アルルアでは家人に加え、使用人の多くも共に食事を取る。床に料理が並び、円を描くように絨毯に直接座って食事をする様式なのだ。
上座には本来最も立場が上の人間が座る。だがククルカの家では、首長であるイルラではなく、母のスーの席になっていた。イルラの希望だそうだ。そして右隣にイルラが座り、側近のコナがその右隣に座る。後は使用人達が各々の立場などを考慮し座っていく。隣同士の間には1人から2人分の隙間を開けるので、人数は多くとも狭苦しくは見えない。
スーの客人として左隣に座るジンが、見慣れない食事風景の様子をそれとなく一瞥する。
「手で食べる物もあるんだけど、ジンさんは気にせず食器を使って食べておくれね」
「手で食べる物は手で食べますよ。その方が美味いでしょうから」
元貴族と知ってるスーが気を使ってくれるが、貴族時代から貴族らしさなどなく、偏見や潔癖さもない。直に座って食べる形式にも、手を汚す食べ方にも、ジンは戸惑いを一切見せない。
「さすがは百戦錬磨の冒険者サンだね。それじゃ皆、神々に祈りを捧げようじゃないか」
カラカラと笑うスーがそう言うと皆一斉に十字を切り、手を組んで祈り出す。ジンも同じく祈る。
偶にこうやって祈る機会がある度に思い出すのは、色褪せる事のない天使の笑顔だ。白い十字架は『空間収納』に入れて常に持ち歩いている。
イルラから貰った絵葉書も。
(…貰ったモンは、捨てなくて良いよな)
ちらりと斜め前に見えるイルラを見た。フィルとは遊んだ気配があったが、先程食堂へ入った際にも他人行儀な礼をされただけだ。それでも初日よりはイルラの空気が軟化してるので良しとしよう。カカココは相変わらずジッと見詰めてくる。可愛い奴だ。

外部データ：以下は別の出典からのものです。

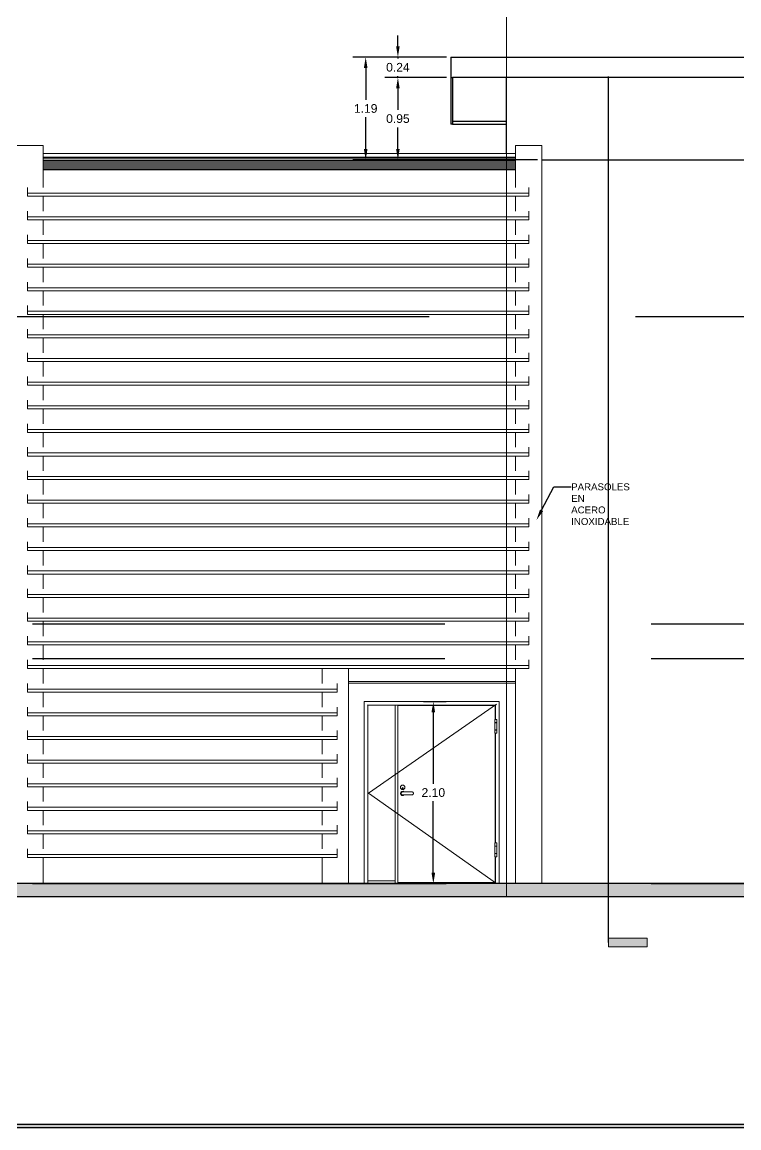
# Model space of a CAD drawing. Header units: inches. Extents: x -6 to 158, y 10 to 161.
# Drawn here: x 19.14 to 27.42, y 10.41 to 23.18 of the extents above; entities that cross this region are included whole.
import ezdxf
from ezdxf import colors
from ezdxf.entities.mleader import LeaderData, LeaderLine
from ezdxf.math import Vec2, Vec3

# ---------------------------------------------------------------- set-up
doc = ezdxf.new("R2010")
doc.units = ezdxf.units.IN
doc.header["$MEASUREMENT"] = 0
for name, pattern in [('Center', [40, 10, -5, 20, -5]), ('Dash', [6, 3, -3]), ('DASHED2', [9.525, 6.35, -3.175]), ('Grid Line', [22.225, 12.7, -3.175, 3.175, -3.175])]:
    doc.linetypes.add(name, pattern=pattern)
for name, color, linetype in [('10 HATCH 2', 9, 'Continuous'), ('2', 2, 'Continuous'), ('4 Paredes', 5, 'Continuous'), ('6', 6, 'Continuous'), ('Dim', 2, 'Continuous'), ('LCorte', 5, 'Center'), ('Proy', 1, 'DASHED2'), ('TEXTO', 2, 'Continuous')]:
    doc.layers.add(name, color=color, linetype=linetype)
for name, color, linetype, lineweight in [('A-COLS', 3, 'Continuous', 9), ('A-DOOR', 2, 'Continuous', 9), ('A-DOOR-FRAM', 2, 'Continuous', 18), ('A-FLOR', 5, 'Continuous', 9), ('S-GRID', 1, 'Continuous', 9)]:
    doc.layers.add(name, color=color, linetype=linetype, lineweight=lineweight)
doc.styles.add('Arial', font='arial.ttf', dxfattribs={"height": 250})
doc.styles.add('style1', font='micross.ttf')
doc.dimstyles.new('1-50', dxfattribs={"dimscale": 0.05, "dimtxt": 2, "dimasz": 2.5, "dimexe": 3, "dimexo": 1, "dimgap": 1, "dimtad": 0, "dimtih": 1, "dimtoh": 1, "dimzin": 1, "dimdsep": 46, "dimtxsty": 'style1', "dimcen": 2.5, "dimclrd": 124, "dimclre": 124, "dimclrt": 1, "dimadec": 0, "dimazin": 0, "dimtfac": 1, "dimtmove": 2, "dimatfit": 3, "dimfxl": 1, "dimtolj": 1, "dimtzin": 0, "dimlwd": -1, "dimlwe": -1, "dimarcsym": 0})

# ---------------------------------------------------------------- blocks, each defined once
blk = doc.blocks.new('*D479')
at = {"layer": 'Defpoints', "color": 0, "transparency": 16777216}
for p in [(23.727, 15.334), (23.892, 15.334), (23.727, 13.232)]:
    blk.add_point(p, dxfattribs=at)
at = {"layer": 'Dim', "color": 124, "transparency": 16777216}
for p, q in [((23.777, 15.334), (24.042, 15.334)), ((23.892, 15.209), (23.892, 14.385)), ((23.892, 13.357), (23.892, 14.182)), ((23.777, 13.232), (24.042, 13.232))]:
    blk.add_line(p, q, dxfattribs=at)
for points in [[(23.871, 15.209), (23.913, 15.209), (23.892, 15.334)], [(23.871, 13.357), (23.913, 13.357), (23.892, 13.232)]]:
    blk.add_solid(points, dxfattribs=at)
at = {"layer": 'Dim', "color": 1, "transparency": 16777216, "insert": (23.892, 14.283), "char_height": 0.1, "attachment_point": 5, "style": 'style1'}
blk.add_mtext('\\A1;2.10', dxfattribs=at)
blk = doc.blocks.new('*D480')
at = {"layer": 'Defpoints', "color": 0, "transparency": 16777216}
for p in [(23.483, 22.541), (24.082, 22.541), (25.144, 21.59)]:
    blk.add_point(p, dxfattribs=at)
at = {"layer": 'Dim', "color": 124, "transparency": 16777216}
for p, q in [((24.032, 22.541), (23.333, 22.541)), ((23.483, 22.416), (23.483, 22.168)), ((23.483, 21.715), (23.483, 21.964)), ((25.094, 21.59), (23.333, 21.59))]:
    blk.add_line(p, q, dxfattribs=at)
for points in [[(23.462, 22.416), (23.503, 22.416), (23.483, 22.541)], [(23.462, 21.715), (23.503, 21.715), (23.483, 21.59)]]:
    blk.add_solid(points, dxfattribs=at)
at = {"layer": 'Dim', "color": 1, "transparency": 16777216, "insert": (23.483, 22.066), "char_height": 0.1, "attachment_point": 5, "style": 'style1'}
blk.add_mtext('\\A1;0.95', dxfattribs=at)
blk = doc.blocks.new('*D481')
at = {"layer": 'Defpoints', "color": 0, "transparency": 16777216}
for p in [(23.483, 22.776), (24.094, 22.776), (24.094, 22.541)]:
    blk.add_point(p, dxfattribs=at)
at = {"layer": 'Dim', "color": 124, "transparency": 16777216}
for p, q in [((23.483, 22.901), (23.483, 23.026)), ((24.044, 22.776), (23.333, 22.776)), ((23.483, 22.776), (23.483, 22.76)), ((24.044, 22.541), (23.333, 22.541)), ((23.483, 22.541), (23.483, 22.557)), ((23.483, 22.416), (23.483, 22.291))]:
    blk.add_line(p, q, dxfattribs=at)
for points in [[(23.462, 22.901), (23.503, 22.901), (23.483, 22.776)], [(23.462, 22.416), (23.503, 22.416), (23.483, 22.541)]]:
    blk.add_solid(points, dxfattribs=at)
at = {"layer": 'Dim', "color": 1, "transparency": 16777216, "insert": (23.483, 22.659), "char_height": 0.1, "attachment_point": 5, "style": 'style1'}
blk.add_mtext('\\A1;0.24', dxfattribs=at)
blk = doc.blocks.new('*D403')
at = {"layer": 'Defpoints', "color": 0, "transparency": 16777216}
for p in [(23.111, 22.776), (23.483, 22.776), (23.483, 21.59)]:
    blk.add_point(p, dxfattribs=at)
at = {"layer": 'Dim', "color": 124, "transparency": 16777216}
for p, q in [((23.433, 22.776), (22.961, 22.776)), ((23.111, 22.651), (23.111, 22.285)), ((23.111, 21.715), (23.111, 22.082)), ((23.433, 21.59), (22.961, 21.59))]:
    blk.add_line(p, q, dxfattribs=at)
for points in [[(23.09, 22.651), (23.132, 22.651), (23.111, 22.776)], [(23.09, 21.715), (23.132, 21.715), (23.111, 21.59)]]:
    blk.add_solid(points, dxfattribs=at)
at = {"layer": 'Dim', "color": 1, "transparency": 16777216, "insert": (23.111, 22.183), "char_height": 0.1, "attachment_point": 5, "style": 'style1'}
blk.add_mtext('\\A1;1.19', dxfattribs=at)

msp = doc.modelspace()

# ---------------------------------------------------------------- hatches: boundary and pattern name
at = {"layer": '10 HATCH 2'}
h = msp.add_hatch(color=251, dxfattribs=at)
h.dxf.hatch_style = 1
h.paths.add_polyline_path([(40.163, 13.232), (30.663, 13.232), (30.663, 13.082), (40.163, 13.082)])
h.paths.add_polyline_path([(30.663, 13.232), (25.913, 13.232), (25.913, 13.082), (30.663, 13.082)])
h.paths.add_polyline_path([(25.913, 13.232), (24.738, 13.232), (24.738, 13.082), (25.913, 13.082)])
h.paths.add_polyline_path([(24.738, 13.232), (22.2, 13.232), (22.2, 13.082), (24.738, 13.082)])
h.paths.add_polyline_path([(22.2, 13.232), (7.445, 13.232), (7.445, 13.082), (22.2, 13.082)])
h.paths.add_polyline_path([(44.943, 13.232), (40.163, 13.232), (40.163, 13.082), (45.011, 13.082, -0.21525)])
h.paths.add_polyline_path([(51.694, 13.232), (45.343, 13.232, -0.21525), (45.276, 13.082), (51.694, 13.082)])
h.paths.add_polyline_path([(44.055, 12.897), (44.77, 12.897), (44.77, 13.206), (44.055, 13.206)], flags=9)
at = {"layer": '6'}
h = msp.add_hatch(color=256, dxfattribs=at)
h.dxf.hatch_style = 1
h.paths.add_polyline_path([(17.224, 10.453), (17.224, 10.411), (36.567, 10.411), (36.567, 10.453)])
at = {"layer": 'A-FLOR'}
msp.add_hatch(color=256, dxfattribs=at).paths.add_polyline_path([(26.363, 12.601), (25.913, 12.601), (25.913, 12.501), (26.363, 12.501)], flags=0)

# ---------------------------------------------------------------- linework, layer by layer
msp.add_line((17.224, 10.453), (36.567, 10.453))
at = {"layer": '2'}
for p, q in [((24.094, 22.776), (24.094, 22.001)), ((24.094, 22.776), (29.85, 22.776)), ((24.094, 22.541), (24.113, 22.541)), ((24.113, 22.541), (24.113, 22.001)), ((29.831, 22.541), (24.113, 22.541)), ((24.738, 21.662), (24.738, 22.541)), ((24.113, 22.001), (24.094, 22.001)), ((24.113, 22.036), (24.738, 22.036)), ((24.113, 22.001), (24.738, 22.001)), ((25.144, 21.59), (27.676, 21.59))]:
    msp.add_line(p, q, dxfattribs=at)
at = {"layer": '6'}
for points in [[(7.445, 13.082), (51.694, 13.082), (51.694, 13.232), (7.445, 13.232)], [(17.224, 10.453), (36.567, 10.453), (36.567, 10.411), (17.224, 10.411)]]:
    msp.add_lwpolyline(points, close=True, dxfattribs=at)
at = {"layer": 'A-COLS'}
for p, q in [((19.387, 21.756), (19.083, 21.756)), ((19.387, 21.756), (19.387, 21.27)), ((24.84, 21.27), (24.84, 21.756)), ((25.144, 21.756), (24.84, 21.756)), ((25.144, 21.756), (25.144, 13.232)), ((19.387, 21.662), (24.84, 21.662)), ((24.84, 21.622), (19.387, 21.622)), ((19.387, 21.609), (24.84, 21.609)), ((24.84, 21.588), (19.387, 21.588)), ((19.387, 21.575), (24.84, 21.575)), ((24.84, 21.554), (19.387, 21.554)), ((19.387, 21.541), (24.84, 21.541)), ((24.84, 21.52), (19.387, 21.52)), ((19.387, 21.507), (24.84, 21.507)), ((24.84, 21.486), (19.387, 21.486)), ((24.84, 21.474), (19.387, 21.474)), ((19.204, 21.204), (19.204, 21.27)), ((19.204, 21.169), (19.204, 21.204)), ((19.204, 21.204), (24.994, 21.204)), ((24.994, 21.27), (24.994, 21.204)), ((24.994, 21.204), (24.994, 21.169)), ((24.994, 21.169), (19.204, 21.169)), ((19.387, 21.169), (19.387, 20.997)), ((24.84, 20.997), (24.84, 21.169)), ((19.204, 20.932), (19.204, 20.997)), ((24.994, 20.997), (24.994, 20.932)), ((19.204, 20.896), (19.204, 20.932)), ((19.204, 20.932), (24.994, 20.932)), ((24.994, 20.896), (19.204, 20.896)), ((19.387, 20.896), (19.387, 20.725)), ((24.84, 20.725), (24.84, 20.896)), ((24.994, 20.932), (24.994, 20.896)), ((19.204, 20.659), (19.204, 20.725)), ((24.994, 20.725), (24.994, 20.659)), ((19.204, 20.624), (19.204, 20.659)), ((19.204, 20.659), (24.994, 20.659)), ((24.994, 20.624), (19.204, 20.624)), ((19.387, 20.624), (19.387, 20.452)), ((24.84, 20.452), (24.84, 20.624)), ((24.994, 20.659), (24.994, 20.624)), ((19.204, 20.386), (19.204, 20.452)), ((24.994, 20.452), (24.994, 20.386)), ((19.204, 20.351), (19.204, 20.386)), ((19.204, 20.386), (24.994, 20.386)), ((24.994, 20.351), (19.204, 20.351)), ((19.387, 20.351), (19.387, 20.179)), ((24.84, 20.179), (24.84, 20.351)), ((24.994, 20.386), (24.994, 20.351)), ((19.204, 20.114), (19.204, 20.179)), ((24.994, 20.179), (24.994, 20.114)), ((19.204, 20.078), (19.204, 20.114)), ((19.204, 20.114), (24.994, 20.114)), ((24.994, 20.078), (19.204, 20.078)), ((19.387, 20.078), (19.387, 19.907)), ((24.84, 19.907), (24.84, 20.078)), ((24.994, 20.114), (24.994, 20.078)), ((19.204, 19.841), (19.204, 19.907)), ((19.204, 19.806), (19.204, 19.841)), ((19.204, 19.841), (24.994, 19.841)), ((24.994, 19.806), (19.204, 19.806)), ((19.387, 19.806), (19.387, 19.634)), ((24.84, 19.634), (24.84, 19.806)), ((24.994, 19.907), (24.994, 19.841)), ((24.994, 19.841), (24.994, 19.806)), ((19.204, 19.568), (19.204, 19.634)), ((19.204, 19.533), (19.204, 19.568)), ((19.204, 19.568), (24.994, 19.568)), ((24.994, 19.634), (24.994, 19.568)), ((24.994, 19.568), (24.994, 19.533)), ((24.994, 19.533), (19.204, 19.533)), ((19.387, 19.533), (19.387, 19.361)), ((24.84, 19.361), (24.84, 19.533)), ((19.204, 19.296), (19.204, 19.361)), ((19.204, 19.26), (19.204, 19.296)), ((19.204, 19.296), (24.994, 19.296)), ((24.994, 19.361), (24.994, 19.296)), ((24.994, 19.296), (24.994, 19.26)), ((24.994, 19.26), (19.204, 19.26)), ((19.387, 19.26), (19.387, 19.089)), ((24.84, 19.089), (24.84, 19.26)), ((19.204, 19.023), (19.204, 19.089)), ((24.994, 19.089), (24.994, 19.023)), ((19.204, 18.988), (19.204, 19.023)), ((19.204, 19.023), (24.994, 19.023)), ((24.994, 18.988), (19.204, 18.988)), ((19.387, 18.988), (19.387, 18.816)), ((24.84, 18.816), (24.84, 18.988)), ((24.994, 19.023), (24.994, 18.988)), ((19.204, 18.75), (19.204, 18.816)), ((24.994, 18.816), (24.994, 18.75)), ((19.204, 18.715), (19.204, 18.75)), ((19.204, 18.75), (24.994, 18.75)), ((24.994, 18.715), (19.204, 18.715)), ((19.387, 18.715), (19.387, 18.543)), ((24.84, 18.543), (24.84, 18.715)), ((24.994, 18.75), (24.994, 18.715)), ((19.204, 18.478), (19.204, 18.543)), ((24.994, 18.543), (24.994, 18.478)), ((19.204, 18.442), (19.204, 18.478)), ((19.204, 18.478), (24.994, 18.478)), ((24.994, 18.442), (19.204, 18.442)), ((19.387, 18.442), (19.387, 18.271)), ((24.84, 18.271), (24.84, 18.442)), ((24.994, 18.478), (24.994, 18.442)), ((19.204, 18.205), (19.204, 18.271)), ((24.994, 18.271), (24.994, 18.205)), ((19.204, 18.17), (19.204, 18.205)), ((19.204, 18.205), (24.994, 18.205)), ((24.994, 18.17), (19.204, 18.17)), ((19.387, 18.17), (19.387, 17.998)), ((24.84, 17.998), (24.84, 18.17)), ((24.994, 18.205), (24.994, 18.17)), ((19.204, 17.932), (19.204, 17.998)), ((19.204, 17.897), (19.204, 17.932)), ((19.204, 17.932), (24.994, 17.932)), ((24.994, 17.897), (19.204, 17.897)), ((19.387, 17.897), (19.387, 17.725)), ((24.84, 17.725), (24.84, 17.897)), ((24.994, 17.998), (24.994, 17.932)), ((24.994, 17.932), (24.994, 17.897)), ((19.204, 17.66), (19.204, 17.725)), ((19.204, 17.624), (19.204, 17.66)), ((19.204, 17.66), (24.994, 17.66)), ((24.994, 17.624), (19.204, 17.624)), ((19.387, 17.624), (19.387, 17.453)), ((24.84, 17.453), (24.84, 17.624)), ((24.994, 17.725), (24.994, 17.66)), ((24.994, 17.66), (24.994, 17.624)), ((19.204, 17.387), (19.204, 17.453)), ((19.204, 17.352), (19.204, 17.387)), ((19.204, 17.387), (24.994, 17.387)), ((24.994, 17.453), (24.994, 17.387)), ((24.994, 17.387), (24.994, 17.352)), ((24.994, 17.352), (19.204, 17.352)), ((19.387, 17.352), (19.387, 17.18)), ((24.84, 17.18), (24.84, 17.352)), ((19.204, 17.114), (19.204, 17.18)), ((19.204, 17.079), (19.204, 17.114)), ((19.204, 17.114), (24.994, 17.114)), ((24.994, 17.18), (24.994, 17.114)), ((24.994, 17.114), (24.994, 17.079)), ((24.994, 17.079), (19.204, 17.079)), ((19.387, 17.079), (19.387, 16.907)), ((24.84, 16.907), (24.84, 17.079)), ((19.204, 16.842), (19.204, 16.907)), ((24.994, 16.907), (24.994, 16.842)), ((19.204, 16.807), (19.204, 16.842)), ((19.204, 16.842), (24.994, 16.842)), ((24.994, 16.807), (19.204, 16.807)), ((19.387, 16.807), (19.387, 16.635)), ((24.84, 16.635), (24.84, 16.807)), ((24.994, 16.842), (24.994, 16.807)), ((19.204, 16.569), (19.204, 16.635)), ((24.994, 16.635), (24.994, 16.569)), ((19.204, 16.534), (19.204, 16.569)), ((19.204, 16.569), (24.994, 16.569)), ((24.994, 16.534), (19.204, 16.534)), ((19.387, 16.534), (19.387, 16.362)), ((24.84, 16.362), (24.84, 16.534)), ((24.994, 16.569), (24.994, 16.534)), ((19.204, 16.297), (19.204, 16.362)), ((24.994, 16.362), (24.994, 16.297)), ((19.204, 16.261), (19.204, 16.297)), ((19.204, 16.297), (24.994, 16.297)), ((24.994, 16.261), (19.204, 16.261)), ((19.387, 16.261), (19.387, 16.089)), ((24.84, 16.089), (24.84, 16.261)), ((24.994, 16.297), (24.994, 16.261)), ((19.204, 16.024), (19.204, 16.089)), ((19.204, 15.989), (19.204, 16.024)), ((19.204, 16.024), (24.994, 16.024)), ((24.994, 15.989), (19.204, 15.989)), ((19.387, 15.989), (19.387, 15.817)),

食事が始まり、ジンの左隣にはスーの側近をしている女性の1人が座っていて、食べ方や食材などについて丁寧に教えてくれた。食べた事のないスパイシーな鶏肉や独特な香草の辛いスープ。薄いパン生地のような物に肉を巻いたり、千切ってカレーに付けたりと、ただフォークとナイフで食べるよりも面白い。
「口に合うかい、ジンさん」
スーが話しかけて来る。片脚が悪いので食事中でも肘掛けに凭れているスーだが、やはり行儀が悪いと言うよりも、大胆不敵な女王の品格を見せていた。その手に持つ盃がまた一層彼女を際立てる。小柄で少女のようにも見える彼女は、意外な事に酒豪だった。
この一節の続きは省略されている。